Талли и сама не понимала, как это случилось, но интрижка с преподавателем превратилась в самый что ни на есть настоящий роман. Без всякой иронии. Возможно, Кейт все-таки была права, и для Талли все начиналось отчасти из карьерных соображений, но теперь она об этом успела забыть. Все, что помнила Талли — это то что в объятиях этого мужчины она чувствовала себя счастливой, что было для нее абсолютно новым ощущением.
И конечно же, он был ее учителем. Когда они были вместе, Чад говорил ей о вещах, на самостоятельное постижение которых у Талли ушли бы годы.
И, что еще важнее, он показал ей, что такое заниматься любовью. Его постель стала для Талли портом, отправной точкой ее путешествия, а его руки — спасательным кругом. Когда Талли целовала Чада и позволяла ему касаться себя в самых интимных местах, она забывала о том, что не верила в любовь. Первый неудачный опыт в темном лесу в округе Снохомиш постепенно стирался из ее памяти, пока однажды Талли не обнаружила, что больше не носит его в себе. Это навсегда останется какой-то частичкой ее опыта, шрамом на душе, но, как и все шрамы, со временем он превратился из болезненного красного рубца в едва заметную тонкую линию, которую можно было и не заметить.

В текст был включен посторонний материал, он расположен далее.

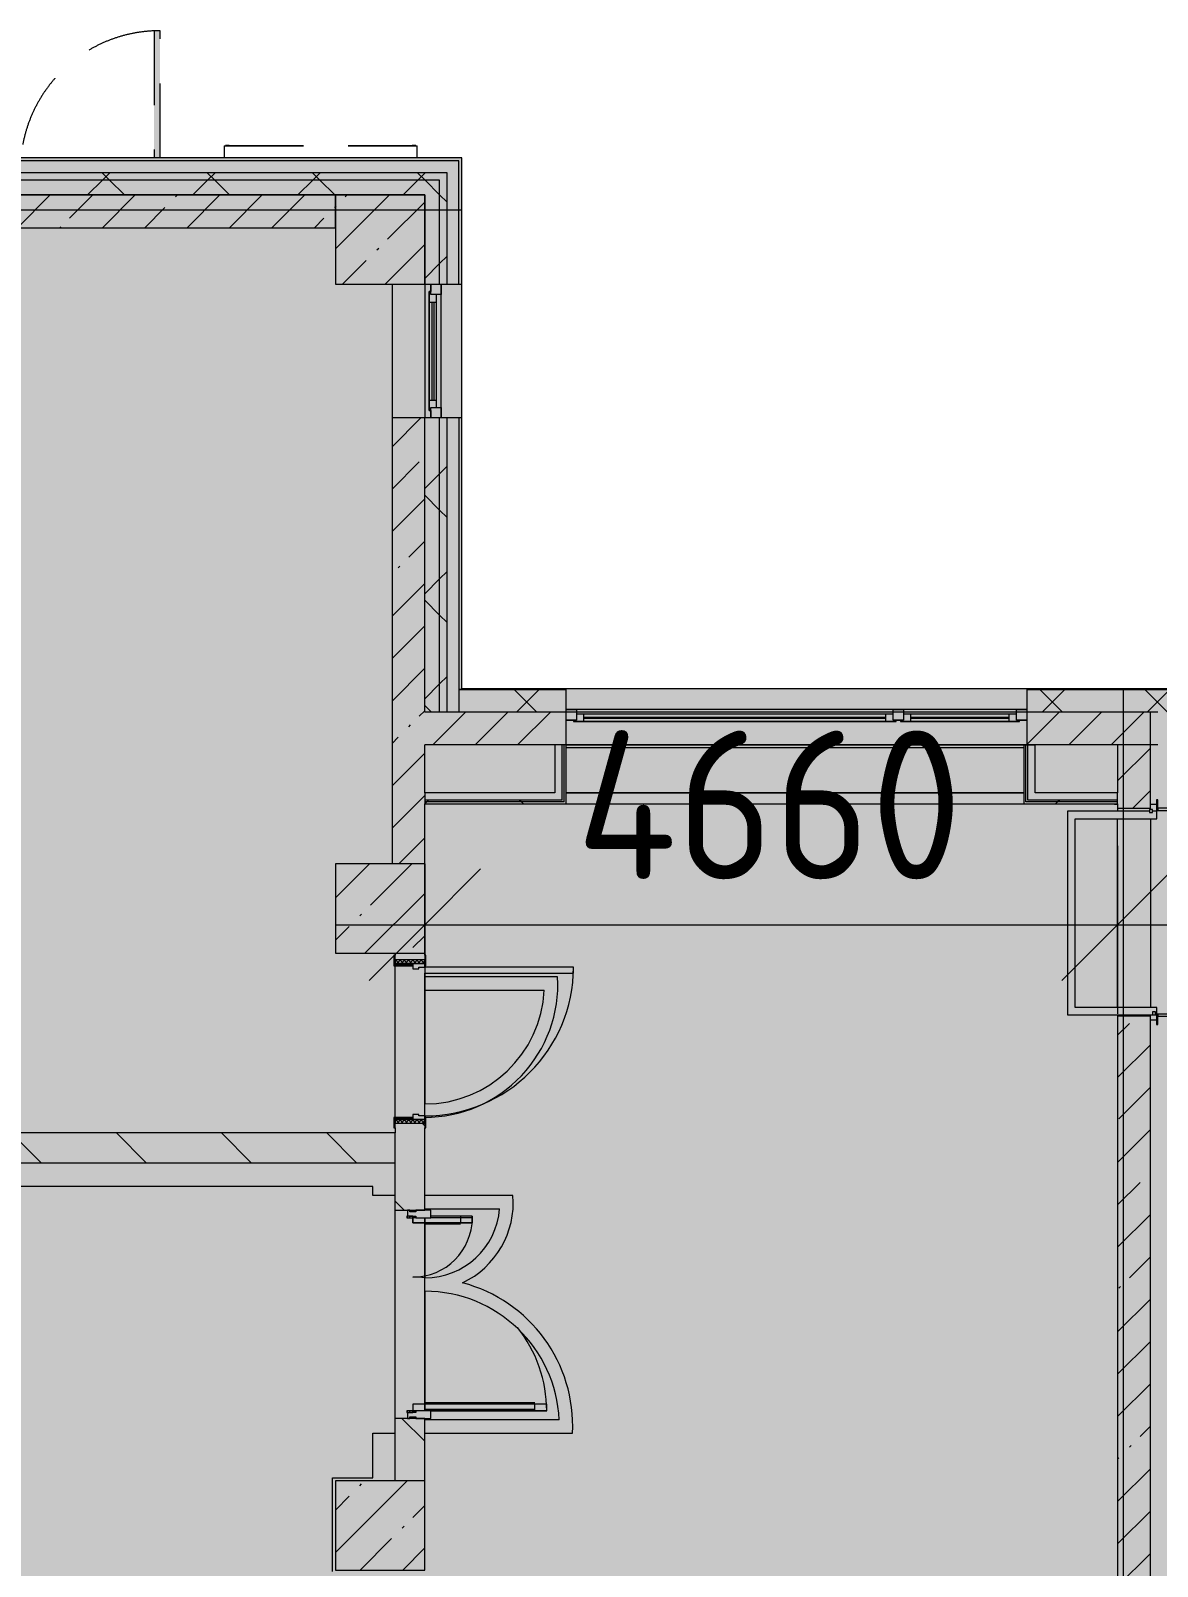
# Model space of a CAD drawing. Header units: millimetres. Extents: x -3456 to 185767, y -8553 to 29000.
# Drawn here: x 89717 to 97294, y 17875 to 28205 of the extents above; entities that cross this region are included whole.
import ezdxf

# ---------------------------------------------------------------- set-up
doc = ezdxf.new("R2010")
doc.units = ezdxf.units.MM
doc.linetypes.add('200_ШТРИХ__ш1_п0_6_', pattern=[800, 500, -300])
for name, color, linetype, lineweight in [('A-ANNO-DIMS', 7, 'Continuous', 9), ('A-ANNO-DIMS-500', 7, 'Continuous', 9), ('A-DETL-MBND-1', 7, '200_ШТРИХ__ш1_п0_6_', 9), ('A-WALL-3', 7, 'Continuous', 5), ('I-WALL-3', 7, 'Continuous', 5), ('S-COLS-2', 7, 'Continuous', 5), ('Оси', 7, 'Continuous', 9)]:
    doc.layers.add(name, color=color, linetype=linetype, lineweight=lineweight)
doc.layers.add('A-DETL-GENF-2', color=7, linetype='Continuous', lineweight=9, true_color=0xc0c0c0, transparency=0.4)
for name, color, linetype, lineweight, true_color in [('A-DETL-GENF-3', 7, 'Continuous', 5, 0xe2e2e2), ('A-DETL-GENF-5', 7, 'Continuous', 5, 0xb7b7b7), ('A-DOOR-3', 7, 'Continuous', 5, 0xaaaaaa), ('A-DOOR-4', 7, 'Continuous', 5, 0xe2e2e2), ('A-DOOR-5', 7, 'Continuous', 5, 0xb7b7b7), ('A-DOOR-FRAM-4', 7, 'Continuous', 5, 0xe2e2e2), ('A-DOOR-FRAM-5', 7, 'Continuous', 5, 0xaaaaaa), ('A-DOOR-FRAM-6', 7, 'Continuous', 5, 0xb7b7b7), ('A-FLOR-1', 7, 'Continuous', 5, 0xb7b7b7), ('A-GLAZ-3', 7, 'Continuous', 5, 0x737373), ('A-GLAZ-CWMG-2', 7, 'Continuous', 5, 0x737373), ('A-WALL-4', 7, 'Continuous', 9, 0x737373), ('A-WALL-5', 7, 'Continuous', 5, 0x737373), ('I-WALL-1', 7, 'Continuous', 5, 0xe7e7e7), ('I-WALL-2', 7, 'Continuous', 9, 0xe7e7e7), ('I-WALL-4', 7, 'Continuous', 5, 0x737373), ('S-COLS-1', 7, 'Continuous', 5, 0x737373)]:
    doc.layers.add(name, color=color, linetype=linetype, lineweight=lineweight, true_color=true_color)
doc.styles.add('ISOCPEUR_5', font='isocpeur.ttf', dxfattribs={"width": 0.9, "height": 1000})
doc.dimstyles.new('ISO-2_0_0_9К_Средний_округл2_2', dxfattribs={"dimscale": 304.8, "dimtxt": 995.981176, "dimasz": 2.46063, "dimexe": 1.968504, "dimexo": 0, "dimgap": 0, "dimtad": 1, "dimdec": 0, "dimrnd": 10, "dimzin": 0, "dimdsep": 46, "dimtxsty": 'ISOCPEUR_5', "dimblk1": 'OBLIQUE', "dimblk2": 'OBLIQUE', "dimsah": 1, "dimcen": 0.09, "dimdle": 1.968504, "dimazin": 0, "dimtfac": 1, "dimtdec": 4, "dimtix": 1, "dimtmove": 0, "dimatfit": 3, "dimfxl": 1, "dimtvp": 1, "dimtolj": 1, "dimtzin": 0, "dimarcsym": 2})
pattern_1 = [(45, (58756.86, 0), (-353.5534, 353.5534), []), (135, (58756.86, 0), (-353.5534, -353.5534), [])]
pattern_2 = [(45, (58756.86, 0), (-285.123, 285.123), []), (45, (59042, 0), (-285.123, 285.123), [504.031, -100.806, 16.764, -84.042])]
pattern_3 = [(135, (58756.86, 0), (-353.5534, -353.5534), [])]
pattern_4 = [(45, (58756.86, 0), (-530.33, 530.33), []), (135, (58756.86, 0), (-530.33, -530.33), [])]

# ---------------------------------------------------------------- blocks, each defined once
blk = doc.blocks.new('BSC_Колонна _Прямоугольная - 600х600-V130-2_6_1_птичка')
at = {"layer": 'S-COLS-2'}
h = blk.add_hatch(dxfattribs=at)
h.set_pattern_fill('FP_159', color=256, style=0, pattern_type=2)
h.set_pattern_definition([(45, (-33310, -18150), (-285.123, 285.123), []), (45, (-33024.88, -18150), (-285.123, 285.123), [504.031, -100.806, 16.764, -84.042])])
h.paths.add_polyline_path([(300, -300), (300, 300), (-300, 300), (-300, -300)])
at = {"layer": 'S-COLS-1'}
for p, q in [((300, 300), (-300, 300)), ((-300, 300), (-300, -300)), ((300, -300), (300, 300)), ((-300, -300), (300, -300))]:
    blk.add_line(p, q, dxfattribs=at)
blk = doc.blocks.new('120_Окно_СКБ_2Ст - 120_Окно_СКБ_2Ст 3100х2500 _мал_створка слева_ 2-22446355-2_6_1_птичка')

Однако, несмотря на то что Чад открывал для нее столько нового, со временем Талли этого стало мало. К последнему курсу Талли стала раздражать вяло протекавшая жизнь колледжа. Си-эн-эн в корне изменила лицо телевещания. В большом мире творились дела, имевшие огромное значение. Джон Леннон получил смертельную рану на пороге собственной квартиры в Нью-Йорке и вскоре умер, парень по фамилии Хинкли стрелял в президента Рейгана в жалкой попытке произвести впечатление на Джоди Фостер. Сандра Дэй О’Коннор стала первой женщиной-судьей Верховного суда, а Диана Спенсер вышла замуж за принца Чарльза, и свадебная церемония была так похожа на волшебную сказку, что каждая американская девушка поверила в любовь со счастливым концом и верила целое лето. Кейт говорила об этой свадьбе так часто и с такими подробностями, будто сама была там в качестве гостьи.
Все эти новости были на первых страницах газет, но все они словно прошли мимо Талли — она была всего лишь студенткой, ее время освещать происходящие события еще не наступило. Конечно, она писала статьи в студенческую газету, а иногда ей даже удавалось прочитать пару своих строчек в эфире. Но все это было каким-то ненастоящим, словно разминкой перед игрой, в которую пока ей так и не разрешили играть.
Ей хотелось отправиться в плавание по настоящему морю национальных или хотя бы местных новостей. Ей надоели все эти танцы в женских клубах, вечеринки студенческого братства и эта старомодная нелепица — шествие со свечами. Почему все девушки вокруг так мечтают о помолвке, было выше ее понимания. Неужели они не знают, что происходит в мире? Неужели не видят, какие открываются возможности?